Published in the Feb. 17 issue of The Blood-Horse,/i>
They are all far too diplomatic to mention it, of course. Both Bill Mott and Pat Day spent the better part of 20 minutes, after the Mott-saddled Subtle Power capitalized on a rail-skimming ride from Day to win the Feb. 10 Gulfstream Park Breeders' Cup Handicap (gr. IT), denying that there was any special satisfaction that came from defeating Jerry Bailey on even-money Ciro.

But then there came a moment, brief, fleeting, and lost on most of the crowd of 14,696, that belied their words. It was a simple glance between Mott and Bailey as the rider guided a Mott-trained horse onto the track for the next race, but it spoke volumes about the relationship of these men that has been forged through many battles. Bailey's teasing words to Mott were, "I didn't know you could talk that long." However, his eyes seemed to say, "You're the man."

"It's a business decision," deadpanned Mott about Bailey's decision to ride Ciro for trainer Christophe Clement. "They've got to ride the horse they think they need to ride. From Jerry's point of view, after Ciro beat King Cugat at Arlington last fall (in the grade IT Secretariat Stakes), you would have had to like him."

Clement certainly liked Ciro. Following the Secretariat victory in his American bow and a win in the Lawrence Realization Handicap (gr. IIIT), Clement sent Jayeff B Stables' homebred son of Woodman into the Breeders' Cup Turf (gr. IT) where he was beaten 3 1/2 lengths by Eclipse Award winner Kalanisi. "He has the potential to be the best horse I've trained," Clement had said.

Subtle Power had been in the Breeders' Cup Turf, too, but he was an afterthought, remaining near the back of the pack throughout and finishing 10th. The Thoroughbred Corp.'s son of Sadler's Wells had become a group II winner as a 3-year-old in last June's King Edward VII Stakes at Royal Ascot, but followed up on that with dull runs on both sides of the Atlantic in the Great Voltigeur Stakes (Eng-II) and Belmont's Turf Classic Invitational (gr. IT). "He wasn't training well at all last fall," Mott recalled. "I had to convince the owners to run him in the Breeders' Cup."

Standing in the warm South Florida sunshine, that November day seemed far longer than three months ago.

"It took him some time to become Americanized," Mott said after the race. "He had to adapt to the tight turns and the style of running here. When they sent him to us, they thought he could be a graded stakes winner here, but those races last fall weren't exactly confidence builders."
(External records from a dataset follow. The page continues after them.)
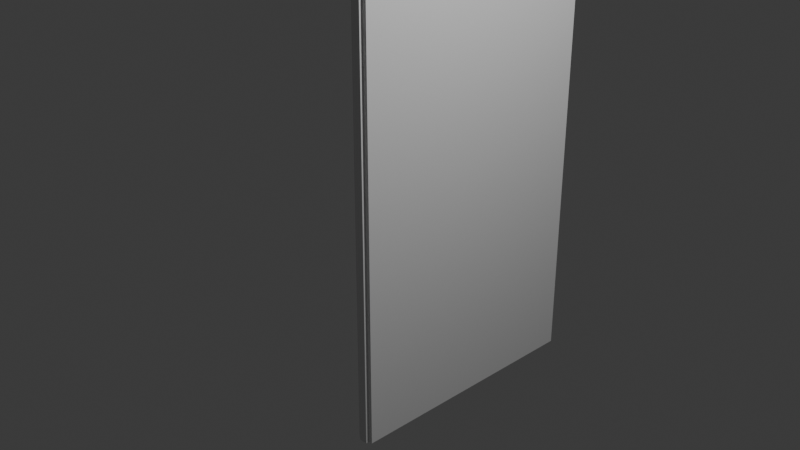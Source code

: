 # Source: Door.blend  (saved by Blender 5.1.30; exported with 4.5.12 LTS)
import bpy
from mathutils import Matrix  # noqa: F401  (used for matrix-valued properties, if any)

bpy.ops.wm.read_factory_settings(use_empty=True)
scene = bpy.context.scene
scene.name = 'Scene'

# ---- collections
col_collection = bpy.data.collections.new('Collection'); scene.collection.children.link(col_collection)

# ---- materials (node trees are filled in below, after node groups)
mat_material = bpy.data.materials.new('Material')
mat_material.alpha_threshold = 0.0
mat_material.use_backface_culling_lightprobe_volume = False
mat_material.roughness = 0.5
mat_material.line_color = (0.0, 0.0, 0.0, 1.0)

# ---- material node trees
mat_material.use_nodes = True; mat_material.node_tree.nodes.clear()
_N = mat_material.node_tree.nodes; _L = mat_material.node_tree.links
n0 = _N.new('ShaderNodeOutputMaterial'); n0.name = 'Material Output'; n0.location = (200, 100)
n1 = _N.new('ShaderNodeBsdfPrincipled'); n1.name = 'Principled BSDF'; n1.location = (-200, 100)
_L.new(n1.outputs[0], n0.inputs[0])
n0.is_active_output = True

# ---- world
world_world = bpy.data.worlds.new('World'); scene.world = world_world
world_world.use_nodes = True; world_world.node_tree.nodes.clear()
_N = world_world.node_tree.nodes; _L = world_world.node_tree.links
n0 = _N.new('ShaderNodeOutputWorld'); n0.name = 'World Output'; n0.location = (200, 100)
n1 = _N.new('ShaderNodeBackground'); n1.name = 'Background'; n1.location = (-200, 100)
n1.inputs[0].default_value = (0.05088, 0.05088, 0.05088, 1.0)
_L.new(n1.outputs[0], n0.inputs[0])
n0.is_active_output = True
world_world.color = (0.05088, 0.05088, 0.05088)
world_world.sun_shadow_jitter_overblur = 0.0

# ---- cameras
cam_camera = bpy.data.cameras.new('Camera')
cam_camera.clip_end = 100.0
cam_camera.ortho_scale = 7.314

# ---- lights
light_light = bpy.data.lights.new('Light', 'POINT')
light_light.energy = 1000.0
light_light.shadow_soft_size = 0.1

# ---- meshes
me_cube = bpy.data.meshes.new('Cube')
me_cube.from_pydata([(1.0, 1.0, 1.0), (1.0, 1.0, -1.0), (1.0, -1.0, 1.0), (1.0, -1.0, -1.0), (-1.0, 1.0, 1.0), (-1.0, 1.0, -1.0), (-1.0, -1.0, 1.0), (-1.0, -1.0, -1.0)], [], [(0, 4, 6, 2), (3, 2, 6, 7), (7, 6, 4, 5), (5, 1, 3, 7), (1, 0, 2, 3), (5, 4, 0, 1)])
_uv = me_cube.uv_layers.new(name='UVMap')
_uv.uv.foreach_set('vector', [0.625, 0.5, 0.875, 0.5, 0.875, 0.75, 0.625, 0.75, 0.375, 0.75, 0.625, 0.75, 0.625, 1.0, 0.375, 1.0, 0.375, 0.0, 0.625, 0.0, 0.625, 0.25, 0.375, 0.25, 0.125, 0.5, 0.375, 0.5, 0.375, 0.75, 0.125, 0.75, 0.375, 0.5, 0.625, 0.5, 0.625, 0.75, 0.375, 0.75, 0.375, 0.25, 0.625, 0.25, 0.625, 0.5, 0.375, 0.5])
me_cube.materials.append(mat_material)
me_cube.use_mirror_vertex_groups = False
me_cube.update()
me_cube_001 = bpy.data.meshes.new('Cube.001')
me_cube_001.from_pydata([(-1.0, -1.0, -1.0), (-1.0, -1.0, 1.0), (-1.0, 1.0, -1.0), (-1.0, 1.0, 1.0), (1.0, -1.0, -1.0), (1.0, -1.0, 1.0), (1.0, 1.0, -1.0), (1.0, 1.0, 1.0)], [], [(0, 1, 3, 2), (2, 3, 7, 6), (6, 7, 5, 4), (4, 5, 1, 0), (2, 6, 4, 0), (7, 3, 1, 5)])
_uv = me_cube_001.uv_layers.new(name='UVMap')
_uv.uv.foreach_set('vector', [0.375, 0.0, 0.625, 0.0, 0.625, 0.25, 0.375, 0.25, 0.375, 0.25, 0.625, 0.25, 0.625, 0.5, 0.375, 0.5, 0.375, 0.5, 0.625, 0.5, 0.625, 0.75, 0.375, 0.75, 0.375, 0.75, 0.625, 0.75, 0.625, 1.0, 0.375, 1.0, 0.125, 0.5, 0.375, 0.5, 0.375, 0.75, 0.125, 0.75, 0.625, 0.5, 0.875, 0.5, 0.875, 0.75, 0.625, 0.75])
me_cube_001.update()

# ---- objects
ob_cube = bpy.data.objects.new('Cube', me_cube)
ob_light = bpy.data.objects.new('Light', light_light)
ob_camera = bpy.data.objects.new('Camera', cam_camera)
ob_cube_001 = bpy.data.objects.new('Cube.001', me_cube_001)

# ---- transforms, parenting, visibility, modifiers, constraints
ob_cube.location = (0.0, -0.5122, 0.0)
ob_cube.scale = (0.05015, 0.02507, 2.507)
ob_cube.lock_rotations_4d = False
ob_cube.empty_display_type = 'ARROWS'
ob_cube.lineart.crease_threshold = 0.0
ob_light.location = (4.076, 1.005, 5.904)
ob_light.rotation_euler = (0.6503, 0.05522, 1.866)
ob_light.lock_rotations_4d = False
ob_light.empty_display_type = 'ARROWS'
ob_light.color = (0.0, 0.0, 0.0, 0.0)
ob_light.lineart.crease_threshold = 0.0
ob_camera.location = (7.359, -6.926, 4.958)
ob_camera.rotation_euler = (1.109, 0.0, 0.8149)
ob_camera.lock_rotations_4d = False
ob_camera.empty_display_type = 'ARROWS'
ob_camera.color = (0.0, 0.0, 0.0, 0.0)
ob_camera.display_type = 'WIRE'
ob_camera.lineart.crease_threshold = 0.0
ob_cube_001.location = (0.0, 1.0, 0.0)
ob_cube_001.scale = (0.1, 1.5, 2.5)

# ---- collection membership
col_collection.objects.link(ob_cube)
col_collection.objects.link(ob_light)
col_collection.objects.link(ob_camera)
col_collection.objects.link(ob_cube_001)

# ---- scene / render settings (as saved in the file)
scene.camera = ob_camera
scene.frame_start = 1; scene.frame_end = 250; scene.frame_set(1)
scene.render.engine = 'BLENDER_EEVEE_NEXT'
scene.render.bake_bias = 0.0
scene.render.bake_samples = 0
scene.cycles.sampling_pattern = 'TABULATED_SOBOL'
scene.eevee.use_volume_custom_range = False
bpy.context.view_layer.update()

So the two-time Eclipse Award-winning trainer took the colt to his winter headquarters at Payson Park and began the process with slow breezes, education on left handed turns and, mostly, time for acclimation. Under Bailey's guidance, he hammered a conditioned allowance field here two weeks ago, giving the trainer the confidence to tackle this heady field.

If anybody understood the requirements to win this race, it was certainly Mott. He had stood in the winner's circle after the Gulfstream Park Breeders' Cup Handicap in three out of the last four years, winning with favorites Lassigny in 1997, Yagli in 1999, and Royal Anthem last year. But, the trainer admitted, those were entirely different circumstances. Not only did he have Bailey aboard but, as he put it, "We were the ones in the spotlight those times."

Ciro shared the pre-race spotlight this day with the Irish-bred Manndar. The Beau Greely-trained, 2-1 second choice carried high expectations based both upon his two grade I wins last year and the presence of Gary Stevens, who was paying his first visit to Hallandale since winning the 1999 Breeders' Cup Juvenile (gr. I) with The Thoroughbred Corp.'s Anees.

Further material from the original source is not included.